NATO(北大西洋条約機構)による大規模な軍事演習をロシアとノルウェーの国境近くで実施されるにあたり、ノルウェー空軍の女性パイロットのイルヴァは、アメリカ空軍の伝説的パイロットであるジョンと組み、民間ヘリの護衛のため国境近くをF-16戦闘機にて飛ぶ事に。
しかし、ロシア軍の戦闘機から威嚇を受けて機体が接触、ロシア領内に墜落してしまう…。墜落直前に脱出していたイルヴァとジョンは徒歩で国境を目指す……
なんといっても、いま現在のロシアのウクライナ侵攻とNATOとの対立にリンクするかのよう。
ロシアはNATOによる核基地への攻撃があったと主張、世界大戦へと繋がりかねない危機に、現実的な恐ろしさと不安に駆られます。

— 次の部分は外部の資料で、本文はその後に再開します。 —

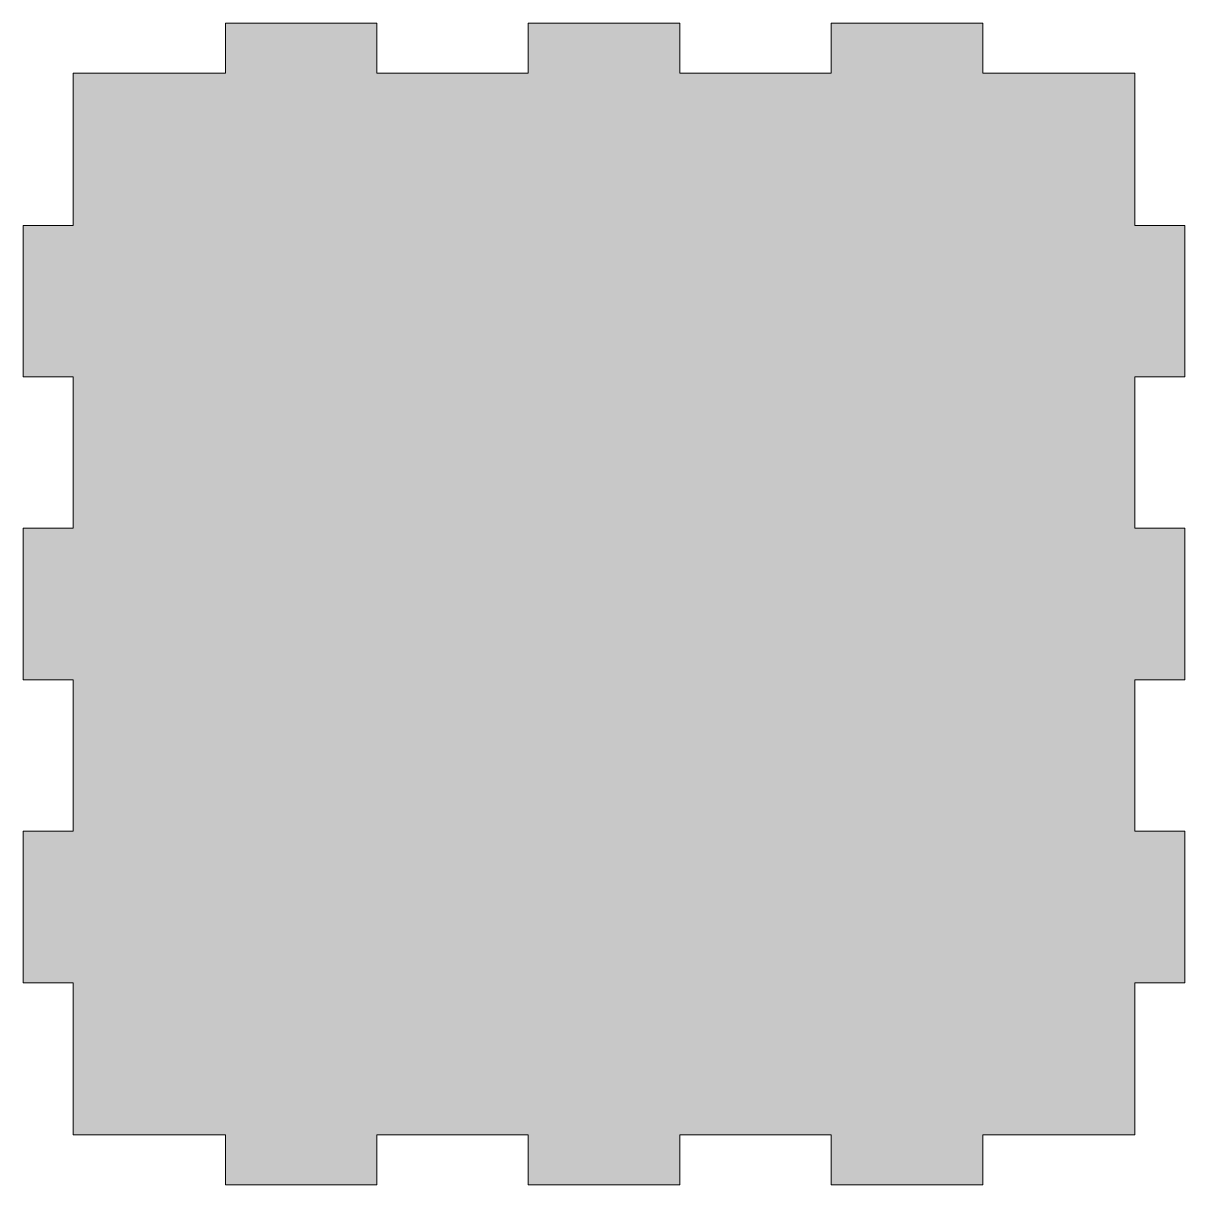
# Model space of a CAD drawing. Header units: inches. Extents: x 361 to 559, y 241 to 439.
import ezdxf

# ---------------------------------------------------------------- set-up
doc = ezdxf.new("R2010")
doc.units = ezdxf.units.IN
doc.header["$MEASUREMENT"] = 0
doc.layers.add('_U+0421_U+043B_U+043E_U+0439 1', color=7, linetype='Continuous')

msp = doc.modelspace()

# ---------------------------------------------------------------- hatches: boundary and pattern name
at = {"layer": '_U+0421_U+043B_U+043E_U+0439 1', "true_color": 0x1a1523}
h = msp.add_hatch(color=250, dxfattribs=at)
h.dxf.hatch_style = 2
h.paths.add_polyline_path([(559.03, 378.8), (559.03, 404.62), (550.54, 404.62), (550.54, 430.57), (524.59, 430.57), (524.59, 439.08), (498.77, 439.08), (498.77, 430.57), (472.94, 430.57), (472.94, 439.08), (447.12, 439.08), (447.12, 430.57), (421.29, 430.57), (421.29, 439.08), (395.47, 439.08), (395.47, 430.57), (369.52, 430.57), (369.52, 404.62), (361.01, 404.62), (361.01, 378.8), (369.52, 378.8), (369.52, 352.97), (361.01, 352.97), (361.01, 327.15), (369.52, 327.15), (369.52, 301.33), (361.01, 301.33), (361.01, 275.5), (369.52, 275.5), (369.52, 249.55), (395.47, 249.55), (395.47, 241.05), (421.29, 241.05), (421.29, 249.55), (447.12, 249.55), (447.12, 241.05), (472.94, 241.05), (472.94, 249.55), (498.77, 249.55), (498.77, 241.05), (524.59, 241.05), (524.59, 249.55), (550.54, 249.55), (550.54, 275.5), (559.03, 275.5), (559.03, 301.33), (550.54, 301.33), (550.54, 327.15), (559.03, 327.15), (559.03, 352.97), (550.54, 352.97), (550.54, 378.8)])

# ---------------------------------------------------------------- linework, layer by layer
at = {"layer": '_U+0421_U+043B_U+043E_U+0439 1', "lineweight": 0}
msp.add_lwpolyline([(559.03, 378.8), (559.03, 404.62), (550.54, 404.62), (550.54, 430.57), (524.59, 430.57), (524.59, 439.08), (498.77, 439.08), (498.77, 430.57), (472.94, 430.57), (472.94, 439.08), (447.12, 439.08), (447.12, 430.57), (421.29, 430.57), (421.29, 439.08), (395.47, 439.08), (395.47, 430.57), (369.52, 430.57), (369.52, 404.62), (361.01, 404.62), (361.01, 378.8), (369.52, 378.8), (369.52, 352.97), (361.01, 352.97), (361.01, 327.15), (369.52, 327.15), (369.52, 301.33), (361.01, 301.33), (361.01, 275.5), (369.52, 275.5), (369.52, 249.55), (395.47, 249.55), (395.47, 241.05), (421.29, 241.05), (421.29, 249.55), (447.12, 249.55), (447.12, 241.05), (472.94, 241.05), (472.94, 249.55), (498.77, 249.55), (498.77, 241.05), (524.59, 241.05), (524.59, 249.55), (550.54, 249.55), (550.54, 275.5), (559.03, 275.5), (559.03, 301.33), (550.54, 301.33), (550.54, 327.15), (559.03, 327.15), (559.03, 352.97), (550.54, 352.97), (550.54, 378.8), (559.03, 378.8)], dxfattribs=at)

doc.saveas('drawing.dxf')

現在の戦争で重要なファクターでもる情報戦にも焦点を当て、ハイブリッド戦争の一端が垣間見れる様子に、陰謀に巻き込まれた女性パイロットのイルヴァが、極寒の地をロシアからノルウェーへと帰ろうとサバイバルする描写には彼女の強さと魅力がたっぷり。
一方で、イルヴァと共に国境を目指す、
極寒の地で追っ手だけでなく凍死する恐れもある中、イルヴァは自身が持つサバイバル知識とタフな精神力でもって、凍傷を負ったジョンを支え生き延びようとします。
しかし、ジョンはある秘密、重荷を抱えており、かつて捕虜となるも帰還する事ができ、英雄と呼ばれたジョンの哀しみが胸に迫ります。
また、ロシア側では、イルヴァの戦闘機に接触した戦闘機のパイロットであるイーゴリは、実際にあった事とロシア軍の上層部や世間にニュースとして流されたものとの違いに気付き、真実を抱え、果たして自分がどうすべきか思い悩みます。
それぞれ立場が違っても、戦争を避けたいと願う者たちがいる中で、自分たちの利権を追い求めたり、地位を守ろうとする者たち。
陰謀を仕掛けた側、そしてロシア側での動きなど、決してスッキリとはしない結末もまた現実世界を表しているようで、より恐ろしさを感じるものでした。
ところで、極寒の地のサバイバルという冒険小説的な側面に関しては物足りないところはありました。
この手のもので、かつての名作に並び超えるのはなかなかに難しいかと。
とはいえ本作は、主人公のイルヴァだけでなく、イルヴァを想いサポートするストーム(最初の印象より読み進めるといいやつでした(笑))や、伝説的パイロットのジョン、ロシア戦闘機のイーゴリなど、多数の登場人物の視点で描かれる群像劇でもあり、現在において決してフィクションとはいいきれないリアルな怖さを描いた作品だったかと思います。